Work to complete
Your result should be the lines holding the word "Determination", copied from the entries below.

(Dataset items)
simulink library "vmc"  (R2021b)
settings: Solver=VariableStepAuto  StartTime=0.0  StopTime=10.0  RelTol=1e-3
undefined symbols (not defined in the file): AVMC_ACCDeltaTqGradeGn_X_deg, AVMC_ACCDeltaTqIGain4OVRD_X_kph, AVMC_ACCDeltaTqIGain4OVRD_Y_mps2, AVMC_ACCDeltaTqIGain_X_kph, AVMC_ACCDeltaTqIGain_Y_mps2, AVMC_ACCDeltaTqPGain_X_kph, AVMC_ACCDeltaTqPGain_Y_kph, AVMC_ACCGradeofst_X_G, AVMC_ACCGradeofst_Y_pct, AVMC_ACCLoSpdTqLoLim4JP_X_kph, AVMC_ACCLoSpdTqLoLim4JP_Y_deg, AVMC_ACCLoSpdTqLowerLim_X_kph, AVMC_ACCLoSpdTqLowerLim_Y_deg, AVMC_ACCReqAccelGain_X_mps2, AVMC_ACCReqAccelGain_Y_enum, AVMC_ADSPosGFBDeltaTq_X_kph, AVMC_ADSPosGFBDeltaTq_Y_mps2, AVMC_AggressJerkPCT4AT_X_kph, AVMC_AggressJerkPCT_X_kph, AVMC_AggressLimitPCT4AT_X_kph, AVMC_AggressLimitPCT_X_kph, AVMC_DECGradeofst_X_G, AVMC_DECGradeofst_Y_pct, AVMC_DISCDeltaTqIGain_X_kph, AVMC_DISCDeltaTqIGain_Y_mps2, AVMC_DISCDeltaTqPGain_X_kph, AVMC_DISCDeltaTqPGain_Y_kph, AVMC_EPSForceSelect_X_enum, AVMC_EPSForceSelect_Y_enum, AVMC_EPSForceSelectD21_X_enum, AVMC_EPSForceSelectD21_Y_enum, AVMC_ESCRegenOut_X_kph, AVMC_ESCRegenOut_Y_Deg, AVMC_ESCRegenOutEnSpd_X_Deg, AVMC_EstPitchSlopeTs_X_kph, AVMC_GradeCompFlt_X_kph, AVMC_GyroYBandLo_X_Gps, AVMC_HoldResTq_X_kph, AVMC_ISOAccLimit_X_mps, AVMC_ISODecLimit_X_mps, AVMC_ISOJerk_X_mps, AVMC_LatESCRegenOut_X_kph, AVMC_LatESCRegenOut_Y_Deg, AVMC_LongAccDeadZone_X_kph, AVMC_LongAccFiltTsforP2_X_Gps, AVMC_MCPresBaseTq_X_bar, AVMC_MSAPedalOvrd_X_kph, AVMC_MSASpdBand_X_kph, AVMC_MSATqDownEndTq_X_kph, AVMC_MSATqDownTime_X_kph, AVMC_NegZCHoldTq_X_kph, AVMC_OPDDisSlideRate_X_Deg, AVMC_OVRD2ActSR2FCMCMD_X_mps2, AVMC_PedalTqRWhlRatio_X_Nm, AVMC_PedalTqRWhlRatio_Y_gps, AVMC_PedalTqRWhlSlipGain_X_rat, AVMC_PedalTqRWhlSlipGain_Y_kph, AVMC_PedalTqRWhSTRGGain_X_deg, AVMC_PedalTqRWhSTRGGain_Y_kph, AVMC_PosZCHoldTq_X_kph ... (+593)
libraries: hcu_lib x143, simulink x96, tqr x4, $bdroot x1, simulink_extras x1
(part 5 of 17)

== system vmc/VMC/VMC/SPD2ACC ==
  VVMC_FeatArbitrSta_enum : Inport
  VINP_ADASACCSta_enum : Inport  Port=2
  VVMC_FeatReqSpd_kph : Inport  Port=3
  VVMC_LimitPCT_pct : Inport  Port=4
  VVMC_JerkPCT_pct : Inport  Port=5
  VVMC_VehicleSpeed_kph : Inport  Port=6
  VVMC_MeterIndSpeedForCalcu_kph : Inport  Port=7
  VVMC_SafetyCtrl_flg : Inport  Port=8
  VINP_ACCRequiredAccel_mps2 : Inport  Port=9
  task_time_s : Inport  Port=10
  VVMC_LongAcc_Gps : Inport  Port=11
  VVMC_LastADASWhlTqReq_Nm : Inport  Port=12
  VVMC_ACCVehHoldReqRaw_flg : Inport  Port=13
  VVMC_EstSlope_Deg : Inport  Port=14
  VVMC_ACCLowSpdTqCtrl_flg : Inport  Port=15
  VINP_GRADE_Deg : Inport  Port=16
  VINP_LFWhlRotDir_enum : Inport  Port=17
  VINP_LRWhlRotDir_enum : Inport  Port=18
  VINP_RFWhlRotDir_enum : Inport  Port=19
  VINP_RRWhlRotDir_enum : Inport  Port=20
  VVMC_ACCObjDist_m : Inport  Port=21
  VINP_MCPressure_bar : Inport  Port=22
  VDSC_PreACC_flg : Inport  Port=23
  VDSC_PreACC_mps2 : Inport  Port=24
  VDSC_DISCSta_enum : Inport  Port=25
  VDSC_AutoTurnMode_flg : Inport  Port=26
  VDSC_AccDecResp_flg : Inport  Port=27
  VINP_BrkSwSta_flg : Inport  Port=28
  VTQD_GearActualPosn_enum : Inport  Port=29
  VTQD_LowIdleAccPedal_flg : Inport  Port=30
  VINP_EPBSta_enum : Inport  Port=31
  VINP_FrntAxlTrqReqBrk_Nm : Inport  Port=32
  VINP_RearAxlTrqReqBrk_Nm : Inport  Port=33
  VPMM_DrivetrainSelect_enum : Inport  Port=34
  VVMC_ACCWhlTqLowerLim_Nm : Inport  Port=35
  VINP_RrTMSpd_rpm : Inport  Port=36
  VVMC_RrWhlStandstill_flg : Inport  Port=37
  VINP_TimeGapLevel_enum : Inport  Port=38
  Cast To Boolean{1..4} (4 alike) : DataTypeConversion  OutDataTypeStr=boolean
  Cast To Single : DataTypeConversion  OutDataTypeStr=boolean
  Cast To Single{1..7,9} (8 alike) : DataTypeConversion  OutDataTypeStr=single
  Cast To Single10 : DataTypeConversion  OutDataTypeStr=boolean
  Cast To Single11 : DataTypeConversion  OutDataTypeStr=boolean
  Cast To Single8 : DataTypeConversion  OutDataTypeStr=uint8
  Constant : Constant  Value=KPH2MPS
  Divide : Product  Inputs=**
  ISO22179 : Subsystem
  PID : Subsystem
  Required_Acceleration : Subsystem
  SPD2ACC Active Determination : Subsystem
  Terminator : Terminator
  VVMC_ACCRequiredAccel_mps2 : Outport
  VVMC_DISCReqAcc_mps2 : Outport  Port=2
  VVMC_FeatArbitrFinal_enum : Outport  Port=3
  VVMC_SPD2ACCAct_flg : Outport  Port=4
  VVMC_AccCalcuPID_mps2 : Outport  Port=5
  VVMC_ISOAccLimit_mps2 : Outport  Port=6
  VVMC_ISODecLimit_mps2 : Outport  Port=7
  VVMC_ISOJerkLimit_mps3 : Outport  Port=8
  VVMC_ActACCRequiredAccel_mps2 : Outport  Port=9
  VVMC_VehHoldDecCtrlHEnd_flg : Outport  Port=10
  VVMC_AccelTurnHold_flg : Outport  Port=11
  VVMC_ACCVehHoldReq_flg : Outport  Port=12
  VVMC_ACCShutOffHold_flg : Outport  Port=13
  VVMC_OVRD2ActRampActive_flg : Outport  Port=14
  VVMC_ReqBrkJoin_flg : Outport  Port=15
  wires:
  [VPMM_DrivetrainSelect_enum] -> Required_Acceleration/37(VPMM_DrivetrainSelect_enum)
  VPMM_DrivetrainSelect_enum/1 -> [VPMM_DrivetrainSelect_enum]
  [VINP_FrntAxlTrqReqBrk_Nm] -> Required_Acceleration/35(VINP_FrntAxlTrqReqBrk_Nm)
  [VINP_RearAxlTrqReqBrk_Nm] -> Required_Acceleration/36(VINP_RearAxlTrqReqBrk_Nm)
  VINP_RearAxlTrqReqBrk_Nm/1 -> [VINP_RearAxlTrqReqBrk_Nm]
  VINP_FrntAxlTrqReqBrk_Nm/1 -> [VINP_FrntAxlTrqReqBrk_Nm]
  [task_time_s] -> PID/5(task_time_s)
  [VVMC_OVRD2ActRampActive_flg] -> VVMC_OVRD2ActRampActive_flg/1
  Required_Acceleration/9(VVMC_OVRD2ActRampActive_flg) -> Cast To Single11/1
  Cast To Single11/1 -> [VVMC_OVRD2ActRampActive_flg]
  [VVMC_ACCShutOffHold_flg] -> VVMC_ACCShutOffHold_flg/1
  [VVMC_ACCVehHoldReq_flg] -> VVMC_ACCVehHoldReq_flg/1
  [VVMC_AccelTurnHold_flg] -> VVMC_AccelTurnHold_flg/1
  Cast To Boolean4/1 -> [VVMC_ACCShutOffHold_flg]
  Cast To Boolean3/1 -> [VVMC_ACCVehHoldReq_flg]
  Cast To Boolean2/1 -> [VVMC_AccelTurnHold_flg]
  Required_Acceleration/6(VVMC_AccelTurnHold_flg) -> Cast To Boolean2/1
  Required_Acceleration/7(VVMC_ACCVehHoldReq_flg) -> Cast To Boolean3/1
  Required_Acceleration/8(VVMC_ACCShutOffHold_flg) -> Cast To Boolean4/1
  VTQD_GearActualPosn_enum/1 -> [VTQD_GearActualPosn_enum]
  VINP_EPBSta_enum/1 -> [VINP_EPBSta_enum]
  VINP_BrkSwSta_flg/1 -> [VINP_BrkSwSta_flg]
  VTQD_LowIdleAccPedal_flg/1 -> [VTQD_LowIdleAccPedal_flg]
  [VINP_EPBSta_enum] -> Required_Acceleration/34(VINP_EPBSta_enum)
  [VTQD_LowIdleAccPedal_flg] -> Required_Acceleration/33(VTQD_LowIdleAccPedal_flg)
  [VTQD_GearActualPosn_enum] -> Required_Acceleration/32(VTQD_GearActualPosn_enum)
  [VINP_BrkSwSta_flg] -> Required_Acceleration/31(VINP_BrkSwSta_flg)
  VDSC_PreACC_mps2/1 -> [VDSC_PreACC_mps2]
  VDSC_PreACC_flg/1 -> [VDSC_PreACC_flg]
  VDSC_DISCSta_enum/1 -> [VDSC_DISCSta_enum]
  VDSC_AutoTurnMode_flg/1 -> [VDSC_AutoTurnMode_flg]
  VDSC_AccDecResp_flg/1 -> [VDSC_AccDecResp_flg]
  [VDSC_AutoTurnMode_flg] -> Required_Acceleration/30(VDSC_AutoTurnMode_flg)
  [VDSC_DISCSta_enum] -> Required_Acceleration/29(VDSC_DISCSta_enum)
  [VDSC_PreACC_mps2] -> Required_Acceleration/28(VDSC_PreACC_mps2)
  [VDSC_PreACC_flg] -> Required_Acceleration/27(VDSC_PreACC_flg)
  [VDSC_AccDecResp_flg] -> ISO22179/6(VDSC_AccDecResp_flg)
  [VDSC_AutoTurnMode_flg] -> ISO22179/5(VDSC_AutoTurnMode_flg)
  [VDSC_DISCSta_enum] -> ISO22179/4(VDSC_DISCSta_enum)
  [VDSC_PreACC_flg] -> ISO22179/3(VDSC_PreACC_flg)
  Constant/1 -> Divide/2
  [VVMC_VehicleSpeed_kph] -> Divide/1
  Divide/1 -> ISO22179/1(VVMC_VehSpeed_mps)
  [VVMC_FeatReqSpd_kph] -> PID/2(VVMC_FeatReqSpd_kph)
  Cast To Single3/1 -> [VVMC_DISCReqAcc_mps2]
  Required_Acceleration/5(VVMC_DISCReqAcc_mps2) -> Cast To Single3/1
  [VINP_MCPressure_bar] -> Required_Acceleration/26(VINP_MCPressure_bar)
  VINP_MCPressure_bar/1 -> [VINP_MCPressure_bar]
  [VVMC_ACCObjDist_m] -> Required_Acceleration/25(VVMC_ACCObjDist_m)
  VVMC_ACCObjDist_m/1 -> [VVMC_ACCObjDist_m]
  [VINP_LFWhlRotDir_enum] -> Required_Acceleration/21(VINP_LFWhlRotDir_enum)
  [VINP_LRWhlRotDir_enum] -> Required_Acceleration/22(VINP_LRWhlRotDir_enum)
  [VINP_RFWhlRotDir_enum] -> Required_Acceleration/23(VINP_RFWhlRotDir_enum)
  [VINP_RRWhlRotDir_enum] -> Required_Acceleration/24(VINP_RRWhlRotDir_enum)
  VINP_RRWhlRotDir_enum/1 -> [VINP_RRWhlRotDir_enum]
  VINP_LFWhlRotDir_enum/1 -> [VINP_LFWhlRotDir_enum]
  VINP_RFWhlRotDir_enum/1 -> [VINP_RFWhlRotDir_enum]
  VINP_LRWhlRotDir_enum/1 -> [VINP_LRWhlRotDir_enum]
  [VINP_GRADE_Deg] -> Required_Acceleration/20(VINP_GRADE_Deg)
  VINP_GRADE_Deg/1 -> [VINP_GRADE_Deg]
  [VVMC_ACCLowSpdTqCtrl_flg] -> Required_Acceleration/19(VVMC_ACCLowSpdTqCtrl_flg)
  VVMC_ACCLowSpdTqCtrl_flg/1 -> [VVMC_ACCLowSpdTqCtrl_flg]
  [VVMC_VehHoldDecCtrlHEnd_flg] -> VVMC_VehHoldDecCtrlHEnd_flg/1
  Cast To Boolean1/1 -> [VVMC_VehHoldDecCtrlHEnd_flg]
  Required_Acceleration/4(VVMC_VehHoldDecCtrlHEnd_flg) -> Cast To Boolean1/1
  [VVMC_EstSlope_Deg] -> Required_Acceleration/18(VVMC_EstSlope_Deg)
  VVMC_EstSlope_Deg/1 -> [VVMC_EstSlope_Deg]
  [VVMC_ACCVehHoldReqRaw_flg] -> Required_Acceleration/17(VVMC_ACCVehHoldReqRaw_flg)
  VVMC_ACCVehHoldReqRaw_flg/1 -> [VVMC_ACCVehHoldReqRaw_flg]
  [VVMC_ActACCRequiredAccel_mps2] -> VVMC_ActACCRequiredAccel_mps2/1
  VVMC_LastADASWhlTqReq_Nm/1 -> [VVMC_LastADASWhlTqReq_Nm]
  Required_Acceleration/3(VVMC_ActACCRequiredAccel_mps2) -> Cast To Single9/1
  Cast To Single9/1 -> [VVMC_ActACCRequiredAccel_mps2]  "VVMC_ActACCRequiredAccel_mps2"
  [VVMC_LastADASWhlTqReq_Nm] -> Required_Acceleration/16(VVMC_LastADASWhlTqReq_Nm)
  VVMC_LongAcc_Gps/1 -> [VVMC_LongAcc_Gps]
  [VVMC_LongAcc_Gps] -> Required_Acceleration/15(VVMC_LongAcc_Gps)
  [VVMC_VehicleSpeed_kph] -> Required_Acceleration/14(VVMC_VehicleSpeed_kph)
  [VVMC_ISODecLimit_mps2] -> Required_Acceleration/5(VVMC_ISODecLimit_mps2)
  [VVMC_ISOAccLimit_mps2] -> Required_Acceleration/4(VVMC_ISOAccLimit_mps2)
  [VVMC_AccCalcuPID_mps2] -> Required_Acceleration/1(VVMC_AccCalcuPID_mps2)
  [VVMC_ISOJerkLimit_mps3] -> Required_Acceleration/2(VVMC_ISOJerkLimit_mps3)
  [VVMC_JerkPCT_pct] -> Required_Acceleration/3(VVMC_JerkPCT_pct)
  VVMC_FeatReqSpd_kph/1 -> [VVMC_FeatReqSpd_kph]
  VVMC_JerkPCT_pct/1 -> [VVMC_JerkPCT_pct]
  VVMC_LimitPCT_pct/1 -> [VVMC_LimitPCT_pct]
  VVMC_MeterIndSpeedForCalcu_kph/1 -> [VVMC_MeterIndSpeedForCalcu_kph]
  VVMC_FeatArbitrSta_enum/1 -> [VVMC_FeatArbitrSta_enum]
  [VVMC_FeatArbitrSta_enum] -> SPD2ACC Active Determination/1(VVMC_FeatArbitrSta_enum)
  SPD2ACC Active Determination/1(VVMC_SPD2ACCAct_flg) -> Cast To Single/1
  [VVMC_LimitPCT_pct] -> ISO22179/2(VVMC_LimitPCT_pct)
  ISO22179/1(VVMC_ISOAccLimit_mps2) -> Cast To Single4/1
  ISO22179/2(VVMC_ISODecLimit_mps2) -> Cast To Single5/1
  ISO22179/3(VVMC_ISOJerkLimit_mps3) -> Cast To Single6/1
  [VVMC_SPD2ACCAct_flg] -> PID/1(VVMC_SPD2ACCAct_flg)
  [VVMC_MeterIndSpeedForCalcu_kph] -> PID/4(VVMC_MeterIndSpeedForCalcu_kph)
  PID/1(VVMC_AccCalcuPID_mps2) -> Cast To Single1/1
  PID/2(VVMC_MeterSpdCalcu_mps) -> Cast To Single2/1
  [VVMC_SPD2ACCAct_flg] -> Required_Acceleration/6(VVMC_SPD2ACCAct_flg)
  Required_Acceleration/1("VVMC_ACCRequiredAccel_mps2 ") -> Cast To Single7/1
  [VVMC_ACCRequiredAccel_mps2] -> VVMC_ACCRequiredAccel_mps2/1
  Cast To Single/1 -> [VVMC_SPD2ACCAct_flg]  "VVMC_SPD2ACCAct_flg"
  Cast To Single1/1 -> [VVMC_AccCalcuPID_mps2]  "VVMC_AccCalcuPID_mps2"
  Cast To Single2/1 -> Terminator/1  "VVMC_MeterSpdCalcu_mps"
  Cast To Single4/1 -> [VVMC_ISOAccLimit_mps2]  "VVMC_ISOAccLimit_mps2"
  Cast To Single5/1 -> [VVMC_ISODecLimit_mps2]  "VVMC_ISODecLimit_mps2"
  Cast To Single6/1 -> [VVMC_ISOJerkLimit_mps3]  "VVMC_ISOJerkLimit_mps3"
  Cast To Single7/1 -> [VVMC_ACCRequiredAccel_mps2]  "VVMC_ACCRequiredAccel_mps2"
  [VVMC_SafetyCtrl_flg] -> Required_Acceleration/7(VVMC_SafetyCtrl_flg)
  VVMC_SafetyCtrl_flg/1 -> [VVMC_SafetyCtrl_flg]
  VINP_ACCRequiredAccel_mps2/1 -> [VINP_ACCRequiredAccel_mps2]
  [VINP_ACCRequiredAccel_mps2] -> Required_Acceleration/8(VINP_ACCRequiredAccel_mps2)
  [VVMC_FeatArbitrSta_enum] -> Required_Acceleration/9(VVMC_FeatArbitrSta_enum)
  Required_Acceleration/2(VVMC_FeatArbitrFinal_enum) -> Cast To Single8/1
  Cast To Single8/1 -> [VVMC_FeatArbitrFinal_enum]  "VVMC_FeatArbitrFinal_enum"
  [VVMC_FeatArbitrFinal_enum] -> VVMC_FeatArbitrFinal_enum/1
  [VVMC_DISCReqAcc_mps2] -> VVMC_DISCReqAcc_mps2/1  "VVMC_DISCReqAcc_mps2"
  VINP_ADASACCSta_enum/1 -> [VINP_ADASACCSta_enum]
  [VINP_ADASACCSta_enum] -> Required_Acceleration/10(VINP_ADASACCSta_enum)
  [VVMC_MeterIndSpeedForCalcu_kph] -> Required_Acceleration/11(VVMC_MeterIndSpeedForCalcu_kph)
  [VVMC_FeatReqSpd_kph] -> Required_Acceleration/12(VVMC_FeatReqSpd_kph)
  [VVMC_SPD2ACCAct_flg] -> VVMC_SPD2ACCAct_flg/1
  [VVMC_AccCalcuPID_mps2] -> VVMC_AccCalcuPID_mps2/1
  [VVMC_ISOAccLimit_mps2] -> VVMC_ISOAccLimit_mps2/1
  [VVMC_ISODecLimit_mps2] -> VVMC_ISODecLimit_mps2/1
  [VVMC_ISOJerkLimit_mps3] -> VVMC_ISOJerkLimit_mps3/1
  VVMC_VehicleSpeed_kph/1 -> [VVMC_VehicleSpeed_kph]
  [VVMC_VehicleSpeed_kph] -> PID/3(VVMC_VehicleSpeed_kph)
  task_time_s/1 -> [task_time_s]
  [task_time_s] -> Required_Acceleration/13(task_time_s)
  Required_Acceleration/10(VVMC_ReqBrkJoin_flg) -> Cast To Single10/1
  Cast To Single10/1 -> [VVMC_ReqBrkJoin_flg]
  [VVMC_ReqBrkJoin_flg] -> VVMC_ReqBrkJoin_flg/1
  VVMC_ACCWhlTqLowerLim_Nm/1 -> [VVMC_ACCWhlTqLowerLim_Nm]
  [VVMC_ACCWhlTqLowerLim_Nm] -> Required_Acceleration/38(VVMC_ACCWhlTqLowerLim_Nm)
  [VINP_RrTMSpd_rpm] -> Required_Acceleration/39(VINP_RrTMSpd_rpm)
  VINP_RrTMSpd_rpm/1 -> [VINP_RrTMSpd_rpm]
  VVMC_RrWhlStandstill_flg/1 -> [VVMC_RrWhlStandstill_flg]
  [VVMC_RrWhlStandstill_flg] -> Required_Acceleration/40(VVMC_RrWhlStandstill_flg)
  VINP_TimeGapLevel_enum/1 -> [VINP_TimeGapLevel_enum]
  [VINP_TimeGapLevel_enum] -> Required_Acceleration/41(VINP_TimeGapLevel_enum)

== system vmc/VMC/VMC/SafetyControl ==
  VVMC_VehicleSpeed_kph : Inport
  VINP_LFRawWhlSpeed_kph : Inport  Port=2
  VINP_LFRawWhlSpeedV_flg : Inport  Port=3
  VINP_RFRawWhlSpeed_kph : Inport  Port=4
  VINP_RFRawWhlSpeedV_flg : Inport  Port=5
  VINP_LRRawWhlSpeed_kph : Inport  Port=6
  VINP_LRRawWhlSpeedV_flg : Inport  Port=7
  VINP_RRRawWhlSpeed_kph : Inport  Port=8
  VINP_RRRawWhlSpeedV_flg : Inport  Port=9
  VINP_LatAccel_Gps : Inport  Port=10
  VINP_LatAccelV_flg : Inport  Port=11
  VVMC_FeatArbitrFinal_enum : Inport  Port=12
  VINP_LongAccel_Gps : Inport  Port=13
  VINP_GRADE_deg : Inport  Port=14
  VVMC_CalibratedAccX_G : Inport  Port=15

Task output
  SPD2ACC Active Determination : Subsystem
  [VVMC_FeatArbitrSta_enum] -> SPD2ACC Active Determination/1(VVMC_FeatArbitrSta_enum)
  SPD2ACC Active Determination/1(VVMC_SPD2ACCAct_flg) -> Cast To Single/1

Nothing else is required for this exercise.